About this task: Would you print the records below from the first line through the line containing "note: some values", skipping the pictures?

[Stored dataset items]

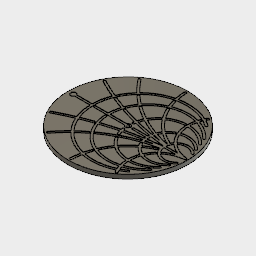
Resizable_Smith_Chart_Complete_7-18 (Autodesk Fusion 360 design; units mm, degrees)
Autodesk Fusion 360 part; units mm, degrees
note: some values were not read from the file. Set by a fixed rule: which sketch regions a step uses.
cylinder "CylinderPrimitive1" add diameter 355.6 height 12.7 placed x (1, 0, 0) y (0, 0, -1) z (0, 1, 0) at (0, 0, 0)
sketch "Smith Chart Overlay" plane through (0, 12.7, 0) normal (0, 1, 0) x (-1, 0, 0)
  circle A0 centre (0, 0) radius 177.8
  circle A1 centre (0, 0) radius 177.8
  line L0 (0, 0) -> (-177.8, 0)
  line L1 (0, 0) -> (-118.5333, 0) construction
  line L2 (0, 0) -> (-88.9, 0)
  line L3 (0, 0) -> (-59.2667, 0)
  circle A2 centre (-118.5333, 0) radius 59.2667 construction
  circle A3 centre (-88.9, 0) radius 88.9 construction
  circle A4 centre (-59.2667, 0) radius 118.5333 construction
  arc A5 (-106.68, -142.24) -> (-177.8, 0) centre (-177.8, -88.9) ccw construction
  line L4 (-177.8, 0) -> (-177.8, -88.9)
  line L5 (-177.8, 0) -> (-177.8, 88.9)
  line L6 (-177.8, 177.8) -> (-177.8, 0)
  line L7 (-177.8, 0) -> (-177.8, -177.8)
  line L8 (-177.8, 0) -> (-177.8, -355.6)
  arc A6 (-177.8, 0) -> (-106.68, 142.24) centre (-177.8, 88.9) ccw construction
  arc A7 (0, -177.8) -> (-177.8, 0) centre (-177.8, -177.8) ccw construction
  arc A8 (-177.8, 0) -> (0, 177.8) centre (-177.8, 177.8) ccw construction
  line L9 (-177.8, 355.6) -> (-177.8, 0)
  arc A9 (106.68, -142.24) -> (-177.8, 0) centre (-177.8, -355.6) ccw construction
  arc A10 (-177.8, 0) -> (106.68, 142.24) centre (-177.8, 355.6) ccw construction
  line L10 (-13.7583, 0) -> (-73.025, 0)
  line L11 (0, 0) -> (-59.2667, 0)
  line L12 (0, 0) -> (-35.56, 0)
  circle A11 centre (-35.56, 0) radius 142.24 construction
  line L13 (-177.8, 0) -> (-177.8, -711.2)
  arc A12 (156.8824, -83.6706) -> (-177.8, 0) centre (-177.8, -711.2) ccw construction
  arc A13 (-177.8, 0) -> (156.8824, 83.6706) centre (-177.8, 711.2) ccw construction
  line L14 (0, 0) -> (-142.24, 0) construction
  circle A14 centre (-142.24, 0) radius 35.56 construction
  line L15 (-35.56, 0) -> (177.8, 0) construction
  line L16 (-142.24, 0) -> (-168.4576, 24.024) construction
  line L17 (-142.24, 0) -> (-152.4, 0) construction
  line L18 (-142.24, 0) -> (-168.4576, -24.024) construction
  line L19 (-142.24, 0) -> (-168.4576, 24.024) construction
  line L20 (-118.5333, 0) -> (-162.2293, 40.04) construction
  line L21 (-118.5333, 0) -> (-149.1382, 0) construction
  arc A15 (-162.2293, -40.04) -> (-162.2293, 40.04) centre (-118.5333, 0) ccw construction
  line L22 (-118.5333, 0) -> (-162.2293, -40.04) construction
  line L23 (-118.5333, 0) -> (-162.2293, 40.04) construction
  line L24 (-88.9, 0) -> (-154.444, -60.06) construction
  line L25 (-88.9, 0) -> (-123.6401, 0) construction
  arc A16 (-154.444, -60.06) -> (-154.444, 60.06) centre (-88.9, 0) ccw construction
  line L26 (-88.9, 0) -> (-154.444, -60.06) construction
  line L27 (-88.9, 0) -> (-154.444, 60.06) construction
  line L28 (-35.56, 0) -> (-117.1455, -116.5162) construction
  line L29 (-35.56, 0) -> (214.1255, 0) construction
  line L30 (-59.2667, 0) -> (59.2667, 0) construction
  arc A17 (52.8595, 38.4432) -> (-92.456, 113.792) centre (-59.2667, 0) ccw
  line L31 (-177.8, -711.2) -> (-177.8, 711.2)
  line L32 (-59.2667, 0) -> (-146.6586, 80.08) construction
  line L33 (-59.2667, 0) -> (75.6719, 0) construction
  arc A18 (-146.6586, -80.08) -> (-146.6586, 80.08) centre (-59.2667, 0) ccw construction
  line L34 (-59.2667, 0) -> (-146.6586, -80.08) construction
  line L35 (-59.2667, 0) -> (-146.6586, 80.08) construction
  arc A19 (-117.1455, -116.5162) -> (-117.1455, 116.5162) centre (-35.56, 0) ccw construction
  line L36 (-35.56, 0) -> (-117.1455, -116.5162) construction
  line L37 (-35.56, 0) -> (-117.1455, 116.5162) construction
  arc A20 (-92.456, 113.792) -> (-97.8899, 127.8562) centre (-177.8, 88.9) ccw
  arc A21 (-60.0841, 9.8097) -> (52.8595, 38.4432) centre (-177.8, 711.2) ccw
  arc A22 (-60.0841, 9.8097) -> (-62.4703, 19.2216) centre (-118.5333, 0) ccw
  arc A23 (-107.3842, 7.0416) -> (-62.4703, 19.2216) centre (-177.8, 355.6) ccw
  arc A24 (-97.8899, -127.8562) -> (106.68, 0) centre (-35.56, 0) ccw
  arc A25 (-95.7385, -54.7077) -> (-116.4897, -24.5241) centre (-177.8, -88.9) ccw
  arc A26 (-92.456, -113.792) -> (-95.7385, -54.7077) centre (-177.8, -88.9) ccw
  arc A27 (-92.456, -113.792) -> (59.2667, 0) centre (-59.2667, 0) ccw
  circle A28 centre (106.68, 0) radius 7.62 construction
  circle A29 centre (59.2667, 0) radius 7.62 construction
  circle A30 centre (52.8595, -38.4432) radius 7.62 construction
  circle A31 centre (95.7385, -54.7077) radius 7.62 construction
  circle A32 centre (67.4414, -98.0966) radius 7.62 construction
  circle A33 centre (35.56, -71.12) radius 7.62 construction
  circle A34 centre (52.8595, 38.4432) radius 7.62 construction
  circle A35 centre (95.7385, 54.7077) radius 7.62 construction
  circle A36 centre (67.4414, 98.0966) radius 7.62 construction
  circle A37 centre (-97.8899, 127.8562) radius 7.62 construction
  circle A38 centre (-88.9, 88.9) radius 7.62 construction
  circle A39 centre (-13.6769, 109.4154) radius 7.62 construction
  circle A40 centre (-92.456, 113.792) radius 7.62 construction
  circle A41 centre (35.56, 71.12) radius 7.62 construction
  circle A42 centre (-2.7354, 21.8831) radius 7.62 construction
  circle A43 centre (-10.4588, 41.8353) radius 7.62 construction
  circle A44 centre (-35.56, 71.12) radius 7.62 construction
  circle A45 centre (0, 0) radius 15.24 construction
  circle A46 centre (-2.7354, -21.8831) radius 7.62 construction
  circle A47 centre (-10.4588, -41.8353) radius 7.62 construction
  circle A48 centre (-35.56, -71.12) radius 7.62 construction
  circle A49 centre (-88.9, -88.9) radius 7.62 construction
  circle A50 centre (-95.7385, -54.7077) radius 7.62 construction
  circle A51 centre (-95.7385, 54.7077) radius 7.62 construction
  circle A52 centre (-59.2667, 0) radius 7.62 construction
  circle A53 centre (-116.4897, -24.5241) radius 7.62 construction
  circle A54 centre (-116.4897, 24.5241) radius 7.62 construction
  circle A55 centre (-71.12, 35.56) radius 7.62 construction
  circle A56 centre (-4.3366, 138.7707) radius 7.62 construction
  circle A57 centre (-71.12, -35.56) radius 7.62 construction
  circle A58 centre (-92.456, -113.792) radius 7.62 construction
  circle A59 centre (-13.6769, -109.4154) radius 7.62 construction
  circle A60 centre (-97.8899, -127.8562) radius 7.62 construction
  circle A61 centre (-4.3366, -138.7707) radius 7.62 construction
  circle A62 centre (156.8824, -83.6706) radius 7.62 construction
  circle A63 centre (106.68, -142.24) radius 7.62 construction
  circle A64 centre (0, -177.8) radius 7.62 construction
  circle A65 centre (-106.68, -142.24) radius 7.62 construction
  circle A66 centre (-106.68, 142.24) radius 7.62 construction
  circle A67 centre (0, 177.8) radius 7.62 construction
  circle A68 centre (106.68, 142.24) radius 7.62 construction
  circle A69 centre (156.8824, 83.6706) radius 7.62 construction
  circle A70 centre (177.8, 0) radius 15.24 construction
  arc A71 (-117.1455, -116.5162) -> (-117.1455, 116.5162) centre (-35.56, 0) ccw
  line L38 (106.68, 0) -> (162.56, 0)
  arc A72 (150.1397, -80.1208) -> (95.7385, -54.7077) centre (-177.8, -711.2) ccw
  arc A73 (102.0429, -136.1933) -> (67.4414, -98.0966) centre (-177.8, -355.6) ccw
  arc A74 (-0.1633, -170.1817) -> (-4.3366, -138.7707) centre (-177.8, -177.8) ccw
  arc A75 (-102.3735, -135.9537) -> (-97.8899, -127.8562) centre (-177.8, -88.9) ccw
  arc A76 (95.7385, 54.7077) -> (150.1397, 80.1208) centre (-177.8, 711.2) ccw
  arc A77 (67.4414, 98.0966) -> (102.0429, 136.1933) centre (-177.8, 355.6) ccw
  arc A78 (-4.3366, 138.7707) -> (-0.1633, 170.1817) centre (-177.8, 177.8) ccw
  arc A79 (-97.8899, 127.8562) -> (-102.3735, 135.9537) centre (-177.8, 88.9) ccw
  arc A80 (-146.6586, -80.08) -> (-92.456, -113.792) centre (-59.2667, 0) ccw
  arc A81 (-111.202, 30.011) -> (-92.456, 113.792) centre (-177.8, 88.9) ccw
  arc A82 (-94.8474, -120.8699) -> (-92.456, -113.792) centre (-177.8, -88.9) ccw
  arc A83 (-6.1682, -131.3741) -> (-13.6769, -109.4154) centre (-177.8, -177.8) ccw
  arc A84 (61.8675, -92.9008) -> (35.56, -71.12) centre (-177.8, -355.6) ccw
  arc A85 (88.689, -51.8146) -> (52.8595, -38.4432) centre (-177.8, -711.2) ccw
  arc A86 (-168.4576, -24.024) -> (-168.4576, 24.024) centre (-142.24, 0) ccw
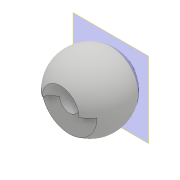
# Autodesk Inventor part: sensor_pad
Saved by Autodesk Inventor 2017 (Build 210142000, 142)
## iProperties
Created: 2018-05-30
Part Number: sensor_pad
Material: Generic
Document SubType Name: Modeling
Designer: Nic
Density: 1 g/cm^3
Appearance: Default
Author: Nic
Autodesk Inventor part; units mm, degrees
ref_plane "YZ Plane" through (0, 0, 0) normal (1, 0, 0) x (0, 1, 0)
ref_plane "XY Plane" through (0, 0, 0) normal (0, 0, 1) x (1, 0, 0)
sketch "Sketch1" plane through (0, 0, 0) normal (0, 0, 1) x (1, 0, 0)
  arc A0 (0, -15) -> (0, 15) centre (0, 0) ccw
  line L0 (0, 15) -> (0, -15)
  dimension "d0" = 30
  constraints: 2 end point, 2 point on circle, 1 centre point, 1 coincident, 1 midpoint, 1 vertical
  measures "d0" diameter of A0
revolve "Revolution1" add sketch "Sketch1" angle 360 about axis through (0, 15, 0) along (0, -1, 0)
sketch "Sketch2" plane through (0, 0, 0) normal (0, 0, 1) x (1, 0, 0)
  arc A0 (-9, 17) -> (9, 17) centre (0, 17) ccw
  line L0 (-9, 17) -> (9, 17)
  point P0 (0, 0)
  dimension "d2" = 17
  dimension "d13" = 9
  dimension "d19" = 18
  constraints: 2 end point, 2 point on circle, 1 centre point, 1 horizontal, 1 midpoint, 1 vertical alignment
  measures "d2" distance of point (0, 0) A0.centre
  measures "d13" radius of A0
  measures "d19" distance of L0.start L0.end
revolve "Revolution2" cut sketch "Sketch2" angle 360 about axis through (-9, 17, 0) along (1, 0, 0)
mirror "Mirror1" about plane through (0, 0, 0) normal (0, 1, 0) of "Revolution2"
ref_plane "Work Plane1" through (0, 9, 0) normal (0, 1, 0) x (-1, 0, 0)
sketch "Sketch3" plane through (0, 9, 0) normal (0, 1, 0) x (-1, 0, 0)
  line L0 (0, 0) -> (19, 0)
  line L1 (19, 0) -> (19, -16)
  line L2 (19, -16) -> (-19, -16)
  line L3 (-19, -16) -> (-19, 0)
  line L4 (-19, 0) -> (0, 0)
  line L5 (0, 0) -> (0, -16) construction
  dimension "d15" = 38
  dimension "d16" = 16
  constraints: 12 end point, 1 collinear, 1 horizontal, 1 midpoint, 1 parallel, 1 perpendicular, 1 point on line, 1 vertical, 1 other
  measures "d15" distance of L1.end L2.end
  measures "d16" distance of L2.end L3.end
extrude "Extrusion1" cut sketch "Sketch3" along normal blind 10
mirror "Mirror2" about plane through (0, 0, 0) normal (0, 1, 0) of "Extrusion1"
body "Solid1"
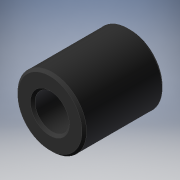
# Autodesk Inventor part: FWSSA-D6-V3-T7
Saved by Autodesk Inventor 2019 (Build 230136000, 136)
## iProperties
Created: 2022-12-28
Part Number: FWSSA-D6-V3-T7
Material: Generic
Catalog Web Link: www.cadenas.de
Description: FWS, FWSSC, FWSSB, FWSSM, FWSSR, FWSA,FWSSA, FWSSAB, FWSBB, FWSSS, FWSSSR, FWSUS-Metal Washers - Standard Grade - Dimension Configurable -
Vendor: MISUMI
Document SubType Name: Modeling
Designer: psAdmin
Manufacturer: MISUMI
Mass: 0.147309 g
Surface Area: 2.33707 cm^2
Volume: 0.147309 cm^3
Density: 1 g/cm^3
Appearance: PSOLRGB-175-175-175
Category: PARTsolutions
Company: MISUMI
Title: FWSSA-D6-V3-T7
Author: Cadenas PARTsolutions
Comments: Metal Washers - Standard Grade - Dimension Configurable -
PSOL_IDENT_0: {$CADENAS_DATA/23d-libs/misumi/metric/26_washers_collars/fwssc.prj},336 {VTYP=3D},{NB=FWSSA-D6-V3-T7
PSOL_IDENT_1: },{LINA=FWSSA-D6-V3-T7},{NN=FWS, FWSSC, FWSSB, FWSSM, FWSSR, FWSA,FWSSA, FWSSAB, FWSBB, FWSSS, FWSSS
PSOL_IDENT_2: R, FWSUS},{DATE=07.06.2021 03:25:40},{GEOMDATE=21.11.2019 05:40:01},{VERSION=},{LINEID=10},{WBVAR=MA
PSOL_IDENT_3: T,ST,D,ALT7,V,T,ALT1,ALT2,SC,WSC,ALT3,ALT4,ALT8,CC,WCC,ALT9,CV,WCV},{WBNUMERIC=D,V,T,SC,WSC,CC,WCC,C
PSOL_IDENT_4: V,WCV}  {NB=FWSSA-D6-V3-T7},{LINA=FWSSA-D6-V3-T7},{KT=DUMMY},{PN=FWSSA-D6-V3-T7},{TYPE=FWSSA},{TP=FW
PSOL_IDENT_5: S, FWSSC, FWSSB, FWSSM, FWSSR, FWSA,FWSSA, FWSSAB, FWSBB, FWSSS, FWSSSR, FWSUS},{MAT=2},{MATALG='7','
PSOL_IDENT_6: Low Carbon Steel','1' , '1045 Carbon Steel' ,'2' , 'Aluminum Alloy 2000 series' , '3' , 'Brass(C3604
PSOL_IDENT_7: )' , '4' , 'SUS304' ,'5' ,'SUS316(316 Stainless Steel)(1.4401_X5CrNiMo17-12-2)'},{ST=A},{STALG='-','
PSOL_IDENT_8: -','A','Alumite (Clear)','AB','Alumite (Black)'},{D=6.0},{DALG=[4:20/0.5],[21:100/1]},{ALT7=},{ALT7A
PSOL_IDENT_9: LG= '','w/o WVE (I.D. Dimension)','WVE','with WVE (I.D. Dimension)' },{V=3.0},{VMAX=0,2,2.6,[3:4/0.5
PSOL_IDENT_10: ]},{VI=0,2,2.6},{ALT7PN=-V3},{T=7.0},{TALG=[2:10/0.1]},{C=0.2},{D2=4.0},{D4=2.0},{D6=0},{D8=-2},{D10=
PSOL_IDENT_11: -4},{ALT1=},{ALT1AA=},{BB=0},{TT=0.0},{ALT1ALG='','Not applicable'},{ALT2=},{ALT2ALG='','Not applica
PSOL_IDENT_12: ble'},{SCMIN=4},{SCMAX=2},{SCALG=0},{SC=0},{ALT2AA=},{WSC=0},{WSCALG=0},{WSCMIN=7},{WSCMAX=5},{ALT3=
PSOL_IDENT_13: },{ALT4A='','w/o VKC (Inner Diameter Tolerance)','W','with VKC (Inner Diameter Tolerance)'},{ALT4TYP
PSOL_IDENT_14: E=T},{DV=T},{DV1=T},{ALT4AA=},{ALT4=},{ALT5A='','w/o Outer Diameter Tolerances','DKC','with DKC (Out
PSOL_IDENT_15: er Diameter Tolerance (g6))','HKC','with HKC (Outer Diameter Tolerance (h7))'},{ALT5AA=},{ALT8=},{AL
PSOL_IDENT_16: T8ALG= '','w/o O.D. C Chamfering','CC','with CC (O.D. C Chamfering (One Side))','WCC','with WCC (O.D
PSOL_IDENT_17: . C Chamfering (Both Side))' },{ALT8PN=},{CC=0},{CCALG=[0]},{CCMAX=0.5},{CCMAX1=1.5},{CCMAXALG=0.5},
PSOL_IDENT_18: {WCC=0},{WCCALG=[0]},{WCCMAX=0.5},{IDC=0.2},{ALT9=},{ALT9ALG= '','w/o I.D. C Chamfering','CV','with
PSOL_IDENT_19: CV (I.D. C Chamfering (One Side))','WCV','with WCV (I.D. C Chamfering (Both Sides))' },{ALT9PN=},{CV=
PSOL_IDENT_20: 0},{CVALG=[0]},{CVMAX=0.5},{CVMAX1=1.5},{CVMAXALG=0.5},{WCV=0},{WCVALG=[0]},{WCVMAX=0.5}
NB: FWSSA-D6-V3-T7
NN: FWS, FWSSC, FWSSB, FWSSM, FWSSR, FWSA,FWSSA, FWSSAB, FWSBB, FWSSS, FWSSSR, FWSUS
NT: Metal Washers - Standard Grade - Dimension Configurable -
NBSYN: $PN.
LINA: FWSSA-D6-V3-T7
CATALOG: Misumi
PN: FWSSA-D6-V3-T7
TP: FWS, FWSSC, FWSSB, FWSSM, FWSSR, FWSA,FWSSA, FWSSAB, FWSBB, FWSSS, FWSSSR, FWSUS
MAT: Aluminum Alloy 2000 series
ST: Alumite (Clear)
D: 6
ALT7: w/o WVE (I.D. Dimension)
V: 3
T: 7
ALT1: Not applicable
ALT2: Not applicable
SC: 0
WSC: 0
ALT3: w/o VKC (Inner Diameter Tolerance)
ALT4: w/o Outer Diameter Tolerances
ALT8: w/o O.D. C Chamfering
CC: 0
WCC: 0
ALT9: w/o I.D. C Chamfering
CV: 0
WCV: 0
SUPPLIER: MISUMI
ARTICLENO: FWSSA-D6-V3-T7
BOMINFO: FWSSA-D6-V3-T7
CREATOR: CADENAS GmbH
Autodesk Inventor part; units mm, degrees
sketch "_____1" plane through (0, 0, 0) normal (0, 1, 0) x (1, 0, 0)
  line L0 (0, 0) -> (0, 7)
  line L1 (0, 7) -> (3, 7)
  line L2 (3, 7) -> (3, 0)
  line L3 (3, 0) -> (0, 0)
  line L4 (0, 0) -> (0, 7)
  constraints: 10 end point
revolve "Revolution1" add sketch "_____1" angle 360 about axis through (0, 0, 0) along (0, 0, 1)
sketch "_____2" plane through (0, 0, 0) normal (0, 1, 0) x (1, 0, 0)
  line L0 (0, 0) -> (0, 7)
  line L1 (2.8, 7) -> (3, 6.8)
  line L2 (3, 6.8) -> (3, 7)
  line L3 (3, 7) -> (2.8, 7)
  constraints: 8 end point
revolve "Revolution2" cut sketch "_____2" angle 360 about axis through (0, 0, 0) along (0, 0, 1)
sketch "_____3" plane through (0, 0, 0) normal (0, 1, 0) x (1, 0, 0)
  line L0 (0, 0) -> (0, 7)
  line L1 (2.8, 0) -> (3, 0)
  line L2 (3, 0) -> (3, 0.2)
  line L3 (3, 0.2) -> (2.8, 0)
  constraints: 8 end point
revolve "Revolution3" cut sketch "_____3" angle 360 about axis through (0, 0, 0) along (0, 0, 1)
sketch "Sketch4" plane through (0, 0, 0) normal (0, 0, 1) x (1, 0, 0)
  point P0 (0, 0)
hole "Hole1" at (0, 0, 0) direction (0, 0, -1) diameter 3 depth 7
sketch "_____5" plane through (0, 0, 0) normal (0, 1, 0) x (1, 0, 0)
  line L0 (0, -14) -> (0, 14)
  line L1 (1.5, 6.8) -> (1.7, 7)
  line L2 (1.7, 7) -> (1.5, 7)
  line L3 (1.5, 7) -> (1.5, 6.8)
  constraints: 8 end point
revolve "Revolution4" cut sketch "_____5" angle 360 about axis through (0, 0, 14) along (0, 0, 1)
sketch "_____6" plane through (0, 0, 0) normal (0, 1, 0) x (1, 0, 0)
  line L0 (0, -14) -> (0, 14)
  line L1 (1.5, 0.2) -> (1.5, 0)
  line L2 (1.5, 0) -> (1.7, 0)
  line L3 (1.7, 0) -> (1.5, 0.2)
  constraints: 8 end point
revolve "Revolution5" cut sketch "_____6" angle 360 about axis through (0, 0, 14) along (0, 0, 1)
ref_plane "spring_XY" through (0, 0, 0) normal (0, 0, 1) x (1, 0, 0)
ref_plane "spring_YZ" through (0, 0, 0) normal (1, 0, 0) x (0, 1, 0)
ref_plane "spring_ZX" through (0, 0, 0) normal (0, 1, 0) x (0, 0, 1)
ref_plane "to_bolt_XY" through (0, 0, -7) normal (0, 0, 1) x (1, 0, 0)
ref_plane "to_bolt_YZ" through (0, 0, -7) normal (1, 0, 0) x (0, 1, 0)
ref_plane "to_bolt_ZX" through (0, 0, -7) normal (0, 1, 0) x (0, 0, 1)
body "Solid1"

Task output:
Resizable_Smith_Chart_Complete_7-18 (Autodesk Fusion 360 design; units mm, degrees)
Autodesk Fusion 360 part; units mm, degrees
note: some values were not read from the file. Set by a fixed rule: which sketch regions a step uses.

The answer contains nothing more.